Hacker News new | ask | show | jobs
by yazaddaruvala 1610 days ago
Typically:

Yes. This was a multi-day outage and eventually the oncall does need sleep, so you need more of the team to help with it. Typically, at any reasonable team, everyone that chipped in nights get to take off equivalent days and sprint tasks are all punted.

Yes. Not just to manage risks, but also to get quick prioritization from all teams at the company. "You need legal? Ok, meet ..." "You need string translations? Ok escalated to ..." "You need financial approval? Ok, looped in ..."

Kinda. Definitely would have represented crunch time, but a very very demoralizing crunch time. Managers also try to insulate most of their teams from it, but everyone pays attention anyways. Keep in mind these typically only last an hour or 3, at most they last a few days, so there is no "core team" other than the leadership structure from your question 2. Otherwise, it is very much "people/teams helping as needed".

1 comments

> Yes. This was a multi-day outage and eventually the oncall does need sleep, so you need more of the team to help with it.

Well, also your business is 100% down, all the capable engineering eyes should be looking at the issue.

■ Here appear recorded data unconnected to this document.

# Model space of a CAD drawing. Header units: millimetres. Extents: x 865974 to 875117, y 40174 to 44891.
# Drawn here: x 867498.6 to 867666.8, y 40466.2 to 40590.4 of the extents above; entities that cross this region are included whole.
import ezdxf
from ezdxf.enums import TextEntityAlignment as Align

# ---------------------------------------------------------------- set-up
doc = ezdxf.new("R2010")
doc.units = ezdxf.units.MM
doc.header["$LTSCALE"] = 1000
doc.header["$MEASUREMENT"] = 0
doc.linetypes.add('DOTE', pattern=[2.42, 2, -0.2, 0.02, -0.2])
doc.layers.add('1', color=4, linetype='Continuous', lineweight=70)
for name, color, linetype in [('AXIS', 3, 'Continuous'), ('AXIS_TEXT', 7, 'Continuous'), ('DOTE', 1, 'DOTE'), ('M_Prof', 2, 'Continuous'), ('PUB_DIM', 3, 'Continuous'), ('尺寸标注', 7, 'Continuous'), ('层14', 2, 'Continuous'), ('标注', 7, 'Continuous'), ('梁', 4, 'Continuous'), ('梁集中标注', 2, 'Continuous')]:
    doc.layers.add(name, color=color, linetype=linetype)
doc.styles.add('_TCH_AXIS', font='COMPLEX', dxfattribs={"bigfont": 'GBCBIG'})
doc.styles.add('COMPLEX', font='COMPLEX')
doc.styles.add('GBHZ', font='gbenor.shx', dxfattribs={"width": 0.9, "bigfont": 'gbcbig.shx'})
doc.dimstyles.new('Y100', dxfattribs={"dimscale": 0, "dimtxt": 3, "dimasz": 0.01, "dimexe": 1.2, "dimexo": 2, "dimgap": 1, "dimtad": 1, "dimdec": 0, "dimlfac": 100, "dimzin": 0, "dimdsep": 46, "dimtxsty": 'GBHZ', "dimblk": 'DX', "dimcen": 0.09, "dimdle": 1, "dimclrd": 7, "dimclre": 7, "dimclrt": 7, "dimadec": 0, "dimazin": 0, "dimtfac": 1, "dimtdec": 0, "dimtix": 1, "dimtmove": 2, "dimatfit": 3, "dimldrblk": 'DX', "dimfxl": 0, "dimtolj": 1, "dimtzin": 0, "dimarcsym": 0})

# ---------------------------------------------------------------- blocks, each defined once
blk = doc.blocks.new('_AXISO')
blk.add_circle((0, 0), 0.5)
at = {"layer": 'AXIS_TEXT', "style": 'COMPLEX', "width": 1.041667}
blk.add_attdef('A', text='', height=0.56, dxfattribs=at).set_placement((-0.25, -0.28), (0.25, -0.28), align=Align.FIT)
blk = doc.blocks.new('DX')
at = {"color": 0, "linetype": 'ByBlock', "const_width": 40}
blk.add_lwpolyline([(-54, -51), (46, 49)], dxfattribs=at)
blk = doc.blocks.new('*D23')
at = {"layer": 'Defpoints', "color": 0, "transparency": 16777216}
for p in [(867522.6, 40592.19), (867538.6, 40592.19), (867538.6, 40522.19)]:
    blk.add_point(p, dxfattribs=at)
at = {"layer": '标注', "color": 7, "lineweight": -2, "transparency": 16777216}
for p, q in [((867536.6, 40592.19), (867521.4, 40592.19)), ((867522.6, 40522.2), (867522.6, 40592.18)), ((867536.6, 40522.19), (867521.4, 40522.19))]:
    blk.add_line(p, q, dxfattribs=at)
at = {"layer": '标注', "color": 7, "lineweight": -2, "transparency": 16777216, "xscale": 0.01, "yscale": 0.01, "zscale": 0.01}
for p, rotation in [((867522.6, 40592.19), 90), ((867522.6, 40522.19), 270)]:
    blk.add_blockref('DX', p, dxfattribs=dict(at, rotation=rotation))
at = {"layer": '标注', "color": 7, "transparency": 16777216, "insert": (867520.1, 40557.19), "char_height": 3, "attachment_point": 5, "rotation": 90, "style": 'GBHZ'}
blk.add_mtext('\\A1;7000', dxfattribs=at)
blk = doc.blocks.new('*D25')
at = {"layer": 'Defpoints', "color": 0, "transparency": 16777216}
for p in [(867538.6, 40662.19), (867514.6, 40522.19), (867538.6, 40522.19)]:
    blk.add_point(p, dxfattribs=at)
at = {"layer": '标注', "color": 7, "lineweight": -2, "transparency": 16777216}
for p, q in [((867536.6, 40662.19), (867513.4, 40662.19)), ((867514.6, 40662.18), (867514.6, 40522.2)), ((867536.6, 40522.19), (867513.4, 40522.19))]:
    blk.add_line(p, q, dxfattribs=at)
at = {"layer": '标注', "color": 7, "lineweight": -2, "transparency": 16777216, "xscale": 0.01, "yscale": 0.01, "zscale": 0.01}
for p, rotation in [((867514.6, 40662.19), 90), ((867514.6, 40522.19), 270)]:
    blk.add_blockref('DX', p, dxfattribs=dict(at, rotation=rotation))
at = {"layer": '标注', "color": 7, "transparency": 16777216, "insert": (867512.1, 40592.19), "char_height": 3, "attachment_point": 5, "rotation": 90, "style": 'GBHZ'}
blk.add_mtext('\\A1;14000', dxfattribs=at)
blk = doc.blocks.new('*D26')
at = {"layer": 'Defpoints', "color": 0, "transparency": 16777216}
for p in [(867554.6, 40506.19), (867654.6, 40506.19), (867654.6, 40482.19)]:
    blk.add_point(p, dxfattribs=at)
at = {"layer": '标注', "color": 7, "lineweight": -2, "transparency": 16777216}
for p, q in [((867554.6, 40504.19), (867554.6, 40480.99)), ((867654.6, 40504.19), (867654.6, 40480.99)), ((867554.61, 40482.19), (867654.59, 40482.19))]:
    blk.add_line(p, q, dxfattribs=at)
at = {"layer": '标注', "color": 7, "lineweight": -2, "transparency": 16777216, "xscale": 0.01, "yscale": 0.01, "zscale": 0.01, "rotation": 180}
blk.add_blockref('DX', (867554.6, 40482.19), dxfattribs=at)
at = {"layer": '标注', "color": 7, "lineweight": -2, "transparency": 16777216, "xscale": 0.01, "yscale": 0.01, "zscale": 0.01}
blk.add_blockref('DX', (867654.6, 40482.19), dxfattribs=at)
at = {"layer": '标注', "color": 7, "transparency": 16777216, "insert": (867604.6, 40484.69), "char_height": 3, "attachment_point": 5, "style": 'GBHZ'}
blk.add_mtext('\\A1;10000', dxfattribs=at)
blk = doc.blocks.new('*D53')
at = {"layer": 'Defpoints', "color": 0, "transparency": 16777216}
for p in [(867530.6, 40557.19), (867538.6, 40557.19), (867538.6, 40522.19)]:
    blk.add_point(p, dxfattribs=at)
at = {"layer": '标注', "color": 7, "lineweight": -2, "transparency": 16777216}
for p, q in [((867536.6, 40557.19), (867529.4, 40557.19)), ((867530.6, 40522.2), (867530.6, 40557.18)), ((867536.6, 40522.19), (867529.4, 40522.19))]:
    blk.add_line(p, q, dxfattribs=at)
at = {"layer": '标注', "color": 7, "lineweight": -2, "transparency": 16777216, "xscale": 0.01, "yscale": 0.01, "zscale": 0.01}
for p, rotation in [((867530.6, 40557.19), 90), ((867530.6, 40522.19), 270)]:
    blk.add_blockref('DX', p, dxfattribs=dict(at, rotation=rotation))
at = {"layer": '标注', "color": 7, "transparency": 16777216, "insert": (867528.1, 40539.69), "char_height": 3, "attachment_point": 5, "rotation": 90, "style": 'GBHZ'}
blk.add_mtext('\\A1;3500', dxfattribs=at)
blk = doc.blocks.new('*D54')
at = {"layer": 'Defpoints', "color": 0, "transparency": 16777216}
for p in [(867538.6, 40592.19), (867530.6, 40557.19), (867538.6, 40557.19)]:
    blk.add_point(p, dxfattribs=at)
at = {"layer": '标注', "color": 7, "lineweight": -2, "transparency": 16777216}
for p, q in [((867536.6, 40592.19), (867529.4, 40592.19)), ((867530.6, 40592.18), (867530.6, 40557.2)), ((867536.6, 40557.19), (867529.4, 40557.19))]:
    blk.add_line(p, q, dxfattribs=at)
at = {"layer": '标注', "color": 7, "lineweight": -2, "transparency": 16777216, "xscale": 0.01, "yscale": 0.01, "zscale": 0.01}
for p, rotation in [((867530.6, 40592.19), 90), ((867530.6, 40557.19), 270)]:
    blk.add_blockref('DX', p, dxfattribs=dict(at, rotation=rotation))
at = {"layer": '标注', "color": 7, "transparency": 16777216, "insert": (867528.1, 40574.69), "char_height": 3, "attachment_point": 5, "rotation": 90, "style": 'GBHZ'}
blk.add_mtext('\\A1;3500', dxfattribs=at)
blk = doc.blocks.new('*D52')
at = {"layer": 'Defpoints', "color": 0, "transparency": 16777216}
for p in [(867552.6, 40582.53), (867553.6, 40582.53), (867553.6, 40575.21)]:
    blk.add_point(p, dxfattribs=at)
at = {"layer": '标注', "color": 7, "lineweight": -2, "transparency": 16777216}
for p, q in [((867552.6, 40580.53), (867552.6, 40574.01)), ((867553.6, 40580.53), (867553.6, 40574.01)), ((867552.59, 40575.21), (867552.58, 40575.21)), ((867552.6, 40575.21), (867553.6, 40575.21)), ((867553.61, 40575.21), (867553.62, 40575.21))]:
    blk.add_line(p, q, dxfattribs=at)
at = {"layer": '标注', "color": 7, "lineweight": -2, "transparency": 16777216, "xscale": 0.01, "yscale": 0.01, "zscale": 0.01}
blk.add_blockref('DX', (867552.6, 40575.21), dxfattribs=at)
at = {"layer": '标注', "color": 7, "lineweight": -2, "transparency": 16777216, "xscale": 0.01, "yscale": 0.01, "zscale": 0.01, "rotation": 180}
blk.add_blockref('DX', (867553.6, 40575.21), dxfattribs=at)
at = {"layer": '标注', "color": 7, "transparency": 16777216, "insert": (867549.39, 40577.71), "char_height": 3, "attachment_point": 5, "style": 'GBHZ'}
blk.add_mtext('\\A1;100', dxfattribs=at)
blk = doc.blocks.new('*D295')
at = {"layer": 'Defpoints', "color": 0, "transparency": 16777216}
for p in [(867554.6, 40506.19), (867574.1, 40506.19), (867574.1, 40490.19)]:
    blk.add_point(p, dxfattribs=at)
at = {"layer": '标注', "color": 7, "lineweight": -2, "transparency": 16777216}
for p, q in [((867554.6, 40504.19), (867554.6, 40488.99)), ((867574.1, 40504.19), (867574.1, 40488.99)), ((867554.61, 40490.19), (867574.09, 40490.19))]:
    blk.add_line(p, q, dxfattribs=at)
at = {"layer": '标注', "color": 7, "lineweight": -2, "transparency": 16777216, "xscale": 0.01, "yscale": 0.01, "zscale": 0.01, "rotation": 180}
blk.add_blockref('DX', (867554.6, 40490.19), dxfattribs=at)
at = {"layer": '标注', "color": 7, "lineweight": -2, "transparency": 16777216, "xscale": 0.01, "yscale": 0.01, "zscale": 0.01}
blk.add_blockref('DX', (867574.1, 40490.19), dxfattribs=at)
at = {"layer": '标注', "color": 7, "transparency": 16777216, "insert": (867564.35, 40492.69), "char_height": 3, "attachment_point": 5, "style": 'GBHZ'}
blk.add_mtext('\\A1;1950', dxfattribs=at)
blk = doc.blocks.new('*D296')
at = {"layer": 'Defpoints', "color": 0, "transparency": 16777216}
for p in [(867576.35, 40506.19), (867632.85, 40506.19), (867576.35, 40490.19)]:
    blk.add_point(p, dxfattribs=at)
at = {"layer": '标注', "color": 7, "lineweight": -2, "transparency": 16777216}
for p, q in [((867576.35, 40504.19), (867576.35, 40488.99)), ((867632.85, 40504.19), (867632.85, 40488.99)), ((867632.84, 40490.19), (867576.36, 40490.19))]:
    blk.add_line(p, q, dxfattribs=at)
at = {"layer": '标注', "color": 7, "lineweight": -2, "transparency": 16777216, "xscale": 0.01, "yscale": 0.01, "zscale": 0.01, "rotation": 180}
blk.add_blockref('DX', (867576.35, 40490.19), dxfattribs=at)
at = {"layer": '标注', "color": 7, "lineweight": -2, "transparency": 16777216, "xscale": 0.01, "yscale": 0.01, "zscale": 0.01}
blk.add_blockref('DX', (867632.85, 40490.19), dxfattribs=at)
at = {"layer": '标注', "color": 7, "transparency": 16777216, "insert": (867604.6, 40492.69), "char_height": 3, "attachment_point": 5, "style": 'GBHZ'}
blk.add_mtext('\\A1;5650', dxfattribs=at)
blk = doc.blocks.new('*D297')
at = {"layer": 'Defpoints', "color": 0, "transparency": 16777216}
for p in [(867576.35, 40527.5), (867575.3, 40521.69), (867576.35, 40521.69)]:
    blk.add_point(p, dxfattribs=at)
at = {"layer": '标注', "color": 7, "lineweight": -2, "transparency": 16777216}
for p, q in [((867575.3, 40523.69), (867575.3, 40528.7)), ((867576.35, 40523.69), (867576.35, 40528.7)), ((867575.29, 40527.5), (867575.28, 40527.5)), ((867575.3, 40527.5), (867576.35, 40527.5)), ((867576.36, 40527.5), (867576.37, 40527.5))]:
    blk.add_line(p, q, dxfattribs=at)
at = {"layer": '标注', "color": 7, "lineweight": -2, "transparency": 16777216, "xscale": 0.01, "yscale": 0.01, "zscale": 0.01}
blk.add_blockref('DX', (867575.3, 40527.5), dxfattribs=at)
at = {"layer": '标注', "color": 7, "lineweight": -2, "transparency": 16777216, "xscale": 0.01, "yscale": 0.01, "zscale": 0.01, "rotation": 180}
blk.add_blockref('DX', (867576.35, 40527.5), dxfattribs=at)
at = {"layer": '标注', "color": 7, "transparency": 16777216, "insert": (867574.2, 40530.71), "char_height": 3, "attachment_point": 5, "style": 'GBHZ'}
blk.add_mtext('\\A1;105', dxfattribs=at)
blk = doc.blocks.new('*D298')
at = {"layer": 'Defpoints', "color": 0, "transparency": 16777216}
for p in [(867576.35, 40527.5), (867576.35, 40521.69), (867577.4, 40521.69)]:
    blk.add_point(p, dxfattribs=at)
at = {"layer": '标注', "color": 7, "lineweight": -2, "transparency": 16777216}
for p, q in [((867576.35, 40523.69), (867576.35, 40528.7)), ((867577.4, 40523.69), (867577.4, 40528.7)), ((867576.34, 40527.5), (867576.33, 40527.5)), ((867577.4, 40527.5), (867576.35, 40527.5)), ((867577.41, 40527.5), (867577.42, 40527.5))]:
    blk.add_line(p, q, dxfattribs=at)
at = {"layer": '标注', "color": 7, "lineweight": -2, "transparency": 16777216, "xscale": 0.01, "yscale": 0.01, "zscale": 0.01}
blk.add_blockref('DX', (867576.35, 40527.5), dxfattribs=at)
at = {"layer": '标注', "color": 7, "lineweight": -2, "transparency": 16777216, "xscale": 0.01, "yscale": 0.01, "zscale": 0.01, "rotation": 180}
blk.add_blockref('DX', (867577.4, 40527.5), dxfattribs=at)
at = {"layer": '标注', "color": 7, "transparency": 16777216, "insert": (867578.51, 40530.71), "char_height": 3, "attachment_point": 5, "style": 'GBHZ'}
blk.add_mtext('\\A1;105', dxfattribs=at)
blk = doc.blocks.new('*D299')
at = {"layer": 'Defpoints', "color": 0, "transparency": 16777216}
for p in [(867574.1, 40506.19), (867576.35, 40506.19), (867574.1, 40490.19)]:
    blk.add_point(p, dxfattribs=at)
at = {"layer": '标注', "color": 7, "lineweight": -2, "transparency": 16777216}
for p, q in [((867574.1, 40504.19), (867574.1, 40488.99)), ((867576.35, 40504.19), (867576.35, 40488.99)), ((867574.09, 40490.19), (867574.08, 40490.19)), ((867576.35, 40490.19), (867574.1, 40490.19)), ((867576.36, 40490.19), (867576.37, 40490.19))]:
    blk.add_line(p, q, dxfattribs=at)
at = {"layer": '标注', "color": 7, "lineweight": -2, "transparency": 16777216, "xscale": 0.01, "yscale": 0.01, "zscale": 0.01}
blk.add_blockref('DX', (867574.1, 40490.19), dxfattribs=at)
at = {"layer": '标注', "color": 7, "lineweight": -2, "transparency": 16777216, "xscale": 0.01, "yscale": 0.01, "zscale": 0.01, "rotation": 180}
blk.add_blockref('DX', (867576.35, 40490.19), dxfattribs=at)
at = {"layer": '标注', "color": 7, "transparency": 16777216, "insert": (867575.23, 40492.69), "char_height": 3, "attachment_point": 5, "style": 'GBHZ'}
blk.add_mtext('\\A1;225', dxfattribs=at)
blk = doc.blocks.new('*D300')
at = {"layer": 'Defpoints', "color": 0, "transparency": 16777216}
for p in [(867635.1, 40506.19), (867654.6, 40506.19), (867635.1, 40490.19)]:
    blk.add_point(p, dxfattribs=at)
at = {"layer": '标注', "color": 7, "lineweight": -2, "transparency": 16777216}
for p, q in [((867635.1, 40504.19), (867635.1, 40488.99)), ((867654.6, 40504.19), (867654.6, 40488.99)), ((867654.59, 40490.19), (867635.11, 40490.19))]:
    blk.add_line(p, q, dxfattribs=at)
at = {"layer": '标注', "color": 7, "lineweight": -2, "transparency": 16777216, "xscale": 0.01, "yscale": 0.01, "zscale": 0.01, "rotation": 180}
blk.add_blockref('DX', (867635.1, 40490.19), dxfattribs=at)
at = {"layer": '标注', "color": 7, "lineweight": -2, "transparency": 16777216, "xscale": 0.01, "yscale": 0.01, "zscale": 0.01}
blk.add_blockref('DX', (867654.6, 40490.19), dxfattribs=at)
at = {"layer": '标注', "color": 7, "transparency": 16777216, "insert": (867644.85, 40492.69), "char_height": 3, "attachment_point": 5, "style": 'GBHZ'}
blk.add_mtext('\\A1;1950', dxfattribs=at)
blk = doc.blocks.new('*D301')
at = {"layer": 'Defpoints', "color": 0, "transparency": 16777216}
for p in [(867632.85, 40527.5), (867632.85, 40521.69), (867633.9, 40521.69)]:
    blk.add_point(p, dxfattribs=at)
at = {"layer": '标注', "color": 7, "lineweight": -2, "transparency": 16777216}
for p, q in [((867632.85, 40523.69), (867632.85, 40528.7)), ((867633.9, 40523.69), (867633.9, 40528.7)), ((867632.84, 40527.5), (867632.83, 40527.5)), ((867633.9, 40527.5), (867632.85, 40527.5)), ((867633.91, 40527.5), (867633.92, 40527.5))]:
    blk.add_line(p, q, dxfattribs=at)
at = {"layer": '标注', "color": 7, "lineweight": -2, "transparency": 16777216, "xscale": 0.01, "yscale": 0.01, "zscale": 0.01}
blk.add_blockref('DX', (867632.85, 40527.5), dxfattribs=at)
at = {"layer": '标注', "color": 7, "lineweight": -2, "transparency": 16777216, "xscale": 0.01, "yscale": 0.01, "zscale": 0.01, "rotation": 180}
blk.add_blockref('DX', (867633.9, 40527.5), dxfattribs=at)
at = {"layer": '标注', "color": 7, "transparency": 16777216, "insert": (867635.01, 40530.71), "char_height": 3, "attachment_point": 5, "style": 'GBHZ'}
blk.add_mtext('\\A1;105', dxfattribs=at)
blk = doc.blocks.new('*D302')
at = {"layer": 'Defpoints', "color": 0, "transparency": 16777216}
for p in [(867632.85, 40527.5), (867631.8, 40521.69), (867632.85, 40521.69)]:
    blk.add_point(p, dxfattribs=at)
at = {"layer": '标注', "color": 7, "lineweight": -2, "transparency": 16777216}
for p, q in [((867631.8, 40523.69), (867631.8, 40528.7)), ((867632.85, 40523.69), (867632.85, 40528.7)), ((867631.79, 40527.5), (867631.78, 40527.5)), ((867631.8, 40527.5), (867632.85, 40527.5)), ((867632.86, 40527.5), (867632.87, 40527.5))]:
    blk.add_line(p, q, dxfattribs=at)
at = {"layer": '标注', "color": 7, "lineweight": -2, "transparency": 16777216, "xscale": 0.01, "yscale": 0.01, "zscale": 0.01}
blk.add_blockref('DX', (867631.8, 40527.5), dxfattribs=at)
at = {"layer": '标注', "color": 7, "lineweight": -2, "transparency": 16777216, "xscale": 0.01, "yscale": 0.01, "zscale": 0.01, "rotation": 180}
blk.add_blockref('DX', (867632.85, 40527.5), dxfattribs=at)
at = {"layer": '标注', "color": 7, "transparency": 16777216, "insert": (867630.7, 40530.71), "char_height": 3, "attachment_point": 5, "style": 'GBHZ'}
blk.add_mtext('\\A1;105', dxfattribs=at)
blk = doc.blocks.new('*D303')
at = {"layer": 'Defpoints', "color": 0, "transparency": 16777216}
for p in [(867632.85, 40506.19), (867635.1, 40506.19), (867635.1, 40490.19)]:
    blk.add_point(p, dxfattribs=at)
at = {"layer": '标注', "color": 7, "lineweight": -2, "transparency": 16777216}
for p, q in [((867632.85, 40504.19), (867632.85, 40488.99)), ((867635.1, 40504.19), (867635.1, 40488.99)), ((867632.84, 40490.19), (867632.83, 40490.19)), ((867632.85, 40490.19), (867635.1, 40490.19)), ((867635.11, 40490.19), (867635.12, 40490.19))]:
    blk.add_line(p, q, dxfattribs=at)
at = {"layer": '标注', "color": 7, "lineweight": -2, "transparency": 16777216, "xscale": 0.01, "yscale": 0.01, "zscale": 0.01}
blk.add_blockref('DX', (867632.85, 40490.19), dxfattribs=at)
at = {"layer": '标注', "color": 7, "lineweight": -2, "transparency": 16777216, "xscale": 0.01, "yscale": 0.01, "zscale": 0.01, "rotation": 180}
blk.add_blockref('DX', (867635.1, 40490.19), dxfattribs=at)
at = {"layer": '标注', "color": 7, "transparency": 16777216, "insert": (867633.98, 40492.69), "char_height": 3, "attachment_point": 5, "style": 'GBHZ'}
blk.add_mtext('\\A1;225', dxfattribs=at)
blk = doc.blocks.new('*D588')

After a certain length of outage, you have to start prioritizing differently though. I only have our own anecdotes there. But if someone was at a problem for 8 - 12 consecutive hours under pressure, the quality of their work is going to drop sharply. At such a point, it becomes more and more likely for them to make the situation worse instead of fixing it.

And at or beyond that point, you pretty much have to take inspiration from fire fighters and emergency services: You need to organize the experts on subsystems to rest and sleep in shifts, ideally during simpler but time consuming tasks. Otherwise these persons will crash and you lose their skills and knowledge during that outage for good. And that might render an outage almost impossible to handle.

I think I didn't explain myself very well: clearly on-duty must sleep if it's a multi-day incident, but they also need extra help when they are awake! If the business is completely down, there isn't normal work to do for other engineers so, even if they are out of their typical domain, they might give good insights, novel ideas or fix some side issues that will help the ones with more domain knowledge.
The problem is that you don’t know how long the outage will be when it starts. I once saw a large outage start, everyone jumped on to troubleshoot, thinking it would be an hour. 8 hours later it’s still an outage, and everyone is still on and burned out. Management should have told half the people who jumped on at the start to go away and be prepared for a phone call in 8 hours to provide relief.